To answer this question, steps 1 to 3 above are required. So, put away the Hierarchical Linear Modelling, Structural Equation Models, and all those over-powered statistical modelling and scaling techniques that demand an additive concatenation unit. Sit down, and first THINK about Step 1 and how you aim to define the technical, normative, meaning of the constructs you propose.

Then, if you wish to construct measurement using an additive concatenation unit, use the Rasch model as your means of operationalising this. Begin to construct your measurement with that very specific, proposed normative meaning in mind.

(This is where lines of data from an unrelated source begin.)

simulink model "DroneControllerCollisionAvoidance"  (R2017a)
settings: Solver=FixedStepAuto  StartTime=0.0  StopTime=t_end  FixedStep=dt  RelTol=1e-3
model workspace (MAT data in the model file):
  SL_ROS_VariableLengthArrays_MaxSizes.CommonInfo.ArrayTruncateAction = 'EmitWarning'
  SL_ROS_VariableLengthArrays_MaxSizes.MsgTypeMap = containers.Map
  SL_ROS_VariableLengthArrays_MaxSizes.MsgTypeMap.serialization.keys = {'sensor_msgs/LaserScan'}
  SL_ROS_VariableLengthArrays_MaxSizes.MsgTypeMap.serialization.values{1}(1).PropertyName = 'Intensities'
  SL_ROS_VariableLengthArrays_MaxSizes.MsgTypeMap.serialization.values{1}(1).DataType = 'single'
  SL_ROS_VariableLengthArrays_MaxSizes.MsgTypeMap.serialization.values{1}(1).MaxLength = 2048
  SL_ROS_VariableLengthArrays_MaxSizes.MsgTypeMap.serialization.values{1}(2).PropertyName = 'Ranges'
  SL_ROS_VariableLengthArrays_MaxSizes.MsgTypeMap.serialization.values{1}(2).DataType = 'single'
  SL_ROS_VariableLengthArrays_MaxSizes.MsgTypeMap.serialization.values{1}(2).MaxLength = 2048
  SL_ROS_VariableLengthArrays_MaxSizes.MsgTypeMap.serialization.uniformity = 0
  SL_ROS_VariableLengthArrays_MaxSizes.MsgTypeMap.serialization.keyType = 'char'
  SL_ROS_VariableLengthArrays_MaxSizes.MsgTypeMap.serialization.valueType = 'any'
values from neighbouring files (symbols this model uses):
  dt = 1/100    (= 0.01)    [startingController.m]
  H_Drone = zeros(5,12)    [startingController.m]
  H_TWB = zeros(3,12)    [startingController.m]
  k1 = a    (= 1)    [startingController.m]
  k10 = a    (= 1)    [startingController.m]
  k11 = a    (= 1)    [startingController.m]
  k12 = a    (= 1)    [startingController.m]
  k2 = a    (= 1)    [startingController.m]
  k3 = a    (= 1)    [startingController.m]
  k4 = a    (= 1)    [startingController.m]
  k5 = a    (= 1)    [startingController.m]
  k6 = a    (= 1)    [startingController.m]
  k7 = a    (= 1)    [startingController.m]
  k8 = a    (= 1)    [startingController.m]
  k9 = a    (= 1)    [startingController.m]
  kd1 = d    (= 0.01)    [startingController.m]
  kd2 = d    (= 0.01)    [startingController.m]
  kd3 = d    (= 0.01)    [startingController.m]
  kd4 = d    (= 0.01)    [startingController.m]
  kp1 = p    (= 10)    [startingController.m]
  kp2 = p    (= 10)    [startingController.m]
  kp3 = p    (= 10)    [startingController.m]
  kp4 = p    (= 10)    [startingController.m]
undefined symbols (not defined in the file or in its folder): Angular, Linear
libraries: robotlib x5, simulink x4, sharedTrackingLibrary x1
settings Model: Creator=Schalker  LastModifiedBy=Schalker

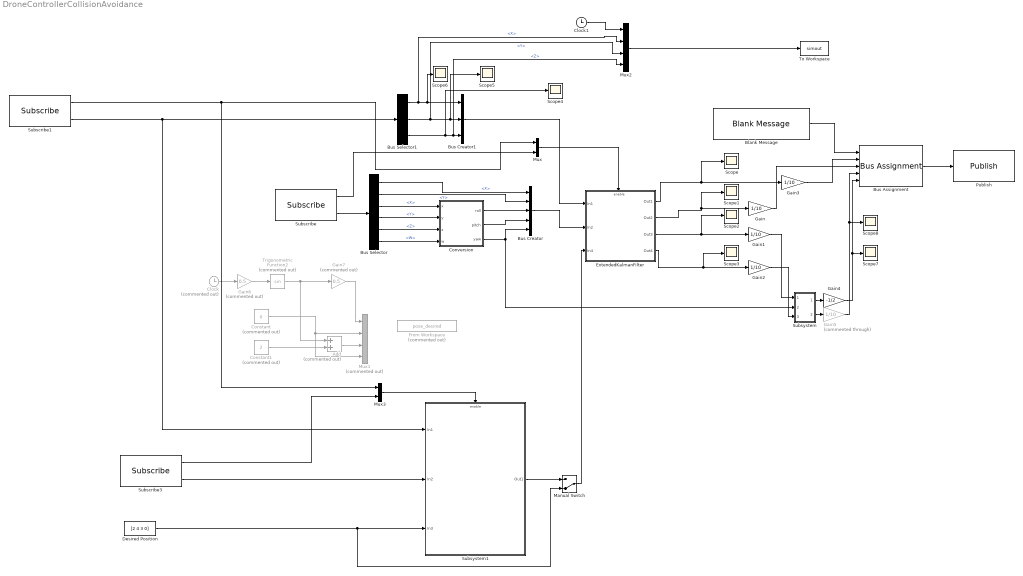
== system DroneControllerCollisionAvoidance ==
  Add : Sum  Commented=on
  Blank Message : robotlib/Blank Message  SourceLibraryInfo=This block requires Robotics System Toolbox  messageType=geometry_msgs/Twist  SampleTime=inf
      settings: SourceProductBaseCode=RO
  Bus Assignment : BusAssignment  AssignedSignals=Linear.Z,Angular.Z,Linear.X,Linear.Y
  Bus Creator : BusCreator  Inputs=5
  Bus Creator1 : BusCreator  Inputs=3
  Bus Selector : BusSelector  OutputSignals=LinearAcceleration.X,LinearAcceleration.Y,Orientation.X,Orientation.Y,Orientation.Z,Orientation.W
  Bus Selector1 : BusSelector  OutputSignals=Pose.Pose.Position.X,Pose.Pose.Position.Y,Pose.Pose.Position.Z
  Clock : Clock  Commented=on
  Clock1 : Clock
  Constant : Constant  Commented=on  Value=0
  Constant1 : Constant  Commented=on  Value=2
  Conversion : MATLAB Function  TreatAsAtomicUnit=on
  Desired Position : Constant  Value=[2 4 3 0]  VectorParams1D=off
  "ExtendedKalmanFilter " : Subsystem
  From Workspace : FromWorkspace  Commented=on  VariableName=pose_desired  OutDataTypeStr=double  SampleTime=0
  Gain{,1..3} (4 alike) : Gain  Gain=1/10
  Gain4 : Gain  Gain=-1/2
  Gain5 : Gain  Commented=through  Gain=1/10
  Gain6 : Gain  Commented=on  Gain=0.5
  Gain7 : Gain  Commented=on  Gain=0.5
  Manual Switch : ManualSwitch  CurrentSetting=0
  Mux : Mux  Inputs=2
  Mux1 : Mux  Commented=on
  Mux2 : Mux
  Mux3 : Mux  Inputs=2
  Publish : robotlib/Publish  SourceLibraryInfo=This block requires Robotics System Toolbox  topicSource=Specify your own  topic=/cmd_vel  messageType=geometry_msgs/Twist  messageQueueLength=1
      settings: SourceProductBaseCode=RO
  Scope{,1..8} (9 alike) : Scope
  Subscribe : robotlib/Subscribe  SourceLibraryInfo=This block requires Robotics System Toolbox  topicSource=Specify your own  topic=/raw_imu  messageType=sensor_msgs/Imu  sampleTime=-1  messageQueueLength=1
      settings: SourceProductBaseCode=RO
  Subscribe1 : robotlib/Subscribe  SourceLibraryInfo=This block requires Robotics System Toolbox  topicSource=Specify your own  topic=/ground_truth/state  messageType=nav_msgs/Odometry  sampleTime=-1  messageQueueLength=1
      settings: SourceProductBaseCode=RO
  Subscribe3 : robotlib/Subscribe  SourceLibraryInfo=This block requires Robotics System Toolbox  topicSource=Select from ROS network  topic=/scan  messageType=sensor_msgs/LaserScan  sampleTime=-1  messageQueueLength=1
      settings: SourceProductBaseCode=RO
  Subsystem : Subsystem
  Subsystem1 : Subsystem
  To Workspace : ToWorkspace  VariableName=simout  SampleTime=-1
      settings: Save2DSignal=2-D array (concatenate along first dimension)
  Trigonometric Function2 : Trigonometry  Commented=on
  wires:
  Blank Message/1 -> Bus Assignment/1
  Bus Assignment/1 -> Publish/1
  "ExtendedKalmanFilter "/2(Out2) -> Scope1/1, Gain/1
  Subscribe/2 -> Bus Selector/1
  Bus Selector/3 -> Conversion/1(x)  "<X>"
  Bus Selector/4 -> Conversion/2(y)  "<Y>"
  Bus Selector/5 -> Conversion/3(z)  "<Z>"
  Bus Selector/6 -> Conversion/4(w)  "<W>"
  Conversion/3(yaw) -> Subsystem/2(In2), Bus Creator/5
  Conversion/2(pitch) -> Bus Creator/4
  Conversion/1(roll) -> Bus Creator/3
  Bus Selector/2 -> Bus Creator/2  "<Y>"
  Bus Selector/1 -> Bus Creator/1  "<X>"
  Bus Creator/1 -> "ExtendedKalmanFilter "/2(In2)
  Bus Selector1/2 -> Scope5/1, Bus Creator1/2, Mux2/3  "<Y>"
  Bus Selector1/3 -> Scope4/1, Mux2/4, Bus Creator1/3  "<Z>"
  Bus Selector1/1 -> Mux2/2, Scope6/1, Bus Creator1/1  "<X>"
  Bus Creator1/1 -> "ExtendedKalmanFilter "/1(In1)
  Mux/1 -> "ExtendedKalmanFilter "/Enable
  Subscribe/1 -> Mux/2
  "ExtendedKalmanFilter "/1(Out1) -> Scope/1, Gain3/1
  "ExtendedKalmanFilter "/4(Out4) -> Scope3/1, Gain2/1
  "ExtendedKalmanFilter "/3(Out3) -> Scope2/1, Gain1/1
  Gain/1 -> Bus Assignment/3
  Gain3/1 -> Bus Assignment/2
  Gain1/1 -> Subsystem/1(In1)
  Gain2/1 -> Subsystem/3(In3)
  Subsystem/1(Out1) -> Gain4/1
  Gain5/1 -> Bus Assignment/4, Scope8/1
  Gain4/1 -> Bus Assignment/5, Scope7/1
  Subsystem/2(Out2) -> Gain5/1
  Clock/1 -> Gain6/1
  Gain6/1 -> Trigonometric Function2/1
  Constant/1 -> Mux1/4, Mux1/2
  Gain7/1 -> Mux1/1
  Trigonometric Function2/1 -> Add/1, Gain7/1
  Add/1 -> Mux1/3
  Constant1/1 -> Add/2
  Clock1/1 -> Mux2/1
  Mux2/1 -> To Workspace/1
  Subscribe1/2 -> Subsystem1/1(In1), Bus Selector1/1
  Subscribe3/2 -> Subsystem1/2(In2)
  Desired Position/1 -> Manual Switch/2, Subsystem1/3(In3)
  Manual Switch/1 -> "ExtendedKalmanFilter "/3(In4)
  Subscribe3/1 -> Mux3/2
  Subscribe1/1 -> Mux3/1, Mux/1
  Mux3/1 -> Subsystem1/Enable
  Subsystem1/1(Out1) -> Manual Switch/1

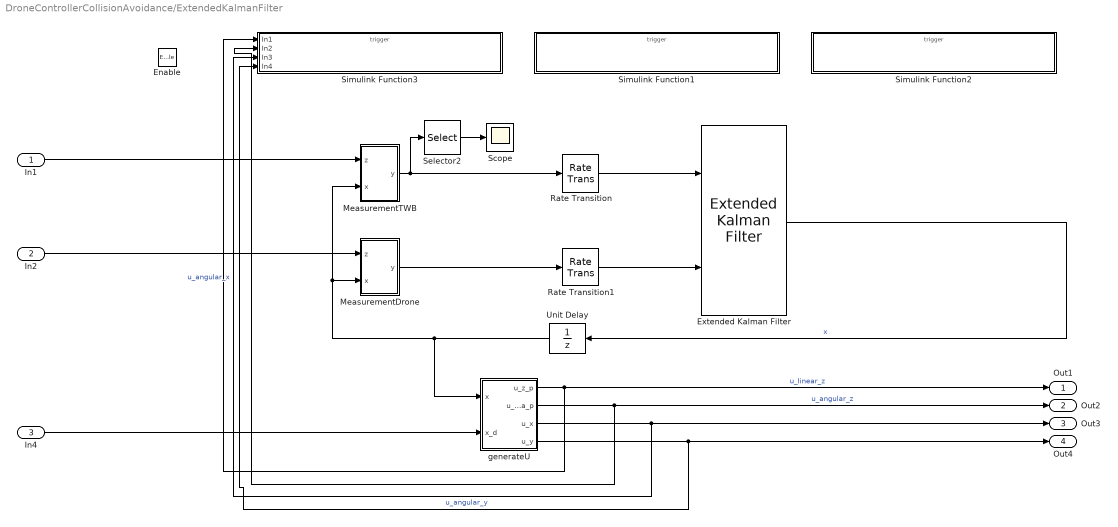
== system DroneControllerCollisionAvoidance/ExtendedKalmanFilter  ==
  In1 : Inport
  In2 : Inport  Port=2
  In4 : Inport  Port=3
  Enable : EnablePort
  Extended Kalman Filter : sharedTrackingLibrary/Extended Kalman Filter  StateTransitionFcn=stateTransitionFcn  HasStateTransitionJacobianFcn=off  HasAdditiveProcessNoise=Additive  ProcessNoise=processNoiseCovariance  HasTimeVaryingProcessNoise=off  HasStateTransitionFcnExtraArgument=0  InitialState=zeros(12, 1)  InitialStateCovariance=10  MeasurementFcn1=measurementTWBFcn  HasMeasurementJacobianFcn1=off  HasMeasurementEnablePort1=off  HasAdditiveMeasurementNoise1=Additive  MeasurementNoise1=measurementNoiseCovarianceTWB  HasTimeVaryingMeasurementNoise1=off  HasMeasurementFcnExtraArgument1=0  MeasurementFcn2=measurementDroneFcn  HasMeasurementJacobianFcn2=off  HasMeasurementEnablePort2=off  HasAdditiveMeasurementNoise2=Additive  MeasurementNoise2=measurementNoiseCovarianceDrone  HasTimeVaryingMeasurementNoise2=off  HasMeasurementFcnExtraArgument2=0  MeasurementFcn3=myMeasurementFcn  HasMeasurementJacobianFcn3=off  HasMeasurementEnablePort3=off  HasAdditiveMeasurementNoise3=Additive  MeasurementNoise3=1  HasTimeVaryingMeasurementNoise3=off  HasMeasurementFcnExtraArgument3=0  MeasurementFcn4=myMeasurementFcn  HasMeasurementJacobianFcn4=off  HasMeasurementEnablePort4=off  HasAdditiveMeasurementNoise4=Additive  MeasurementNoise4=1  HasTimeVaryingMeasurementNoise4=off  HasMeasurementFcnExtraArgument4=0  MeasurementFcn5=myMeasurementFcn  HasMeasurementJacobianFcn5=off  HasMeasurementEnablePort5=off  HasAdditiveMeasurementNoise5=Additive  MeasurementNoise5=1  HasTimeVaryingMeasurementNoise5=off  HasMeasurementFcnExtraArgument5=0  EnableMultirate=on  StateTransitionFcnSampleTime=dt  MeasurementFcn1SampleTime=dt  MeasurementFcn2SampleTime=dt  MeasurementFcn3SampleTime=1  MeasurementFcn4SampleTime=1  MeasurementFcn5SampleTime=1  UseCurrentEstimator=on  OutputStateCovariance=off  DataType=double  SampleTime=1  NumberOfMeasurements=2
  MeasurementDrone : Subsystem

Then, if you are successful in producing measurement with the properties you specified, maintain it via metrology.

Barrett, P. T., & Kline, P. (1981) A comparison between Rasch analysis and factor analysis of items in the EPQ. Personality Study and Group Behaviour, 1, 2, 11-28 Cronbach, L.J., & Meehl, P. (1955) Construct validity in Psychological Tests. Psychological Bulletin, 52,, 281-302.

Maraun, M. (1998) Measurement as a Normative Practice. Theory and Psychology, 8, 4, 435-461. Rozeboom, R. (1966) Scaling Theory and the Nature of Measurement. Synthese, 16, 170-233. Wood, R. (1978) Fitting the Rasch Model: a heady tale. British Journal of Mathematical and Statistical Psychology, 31, 27-32.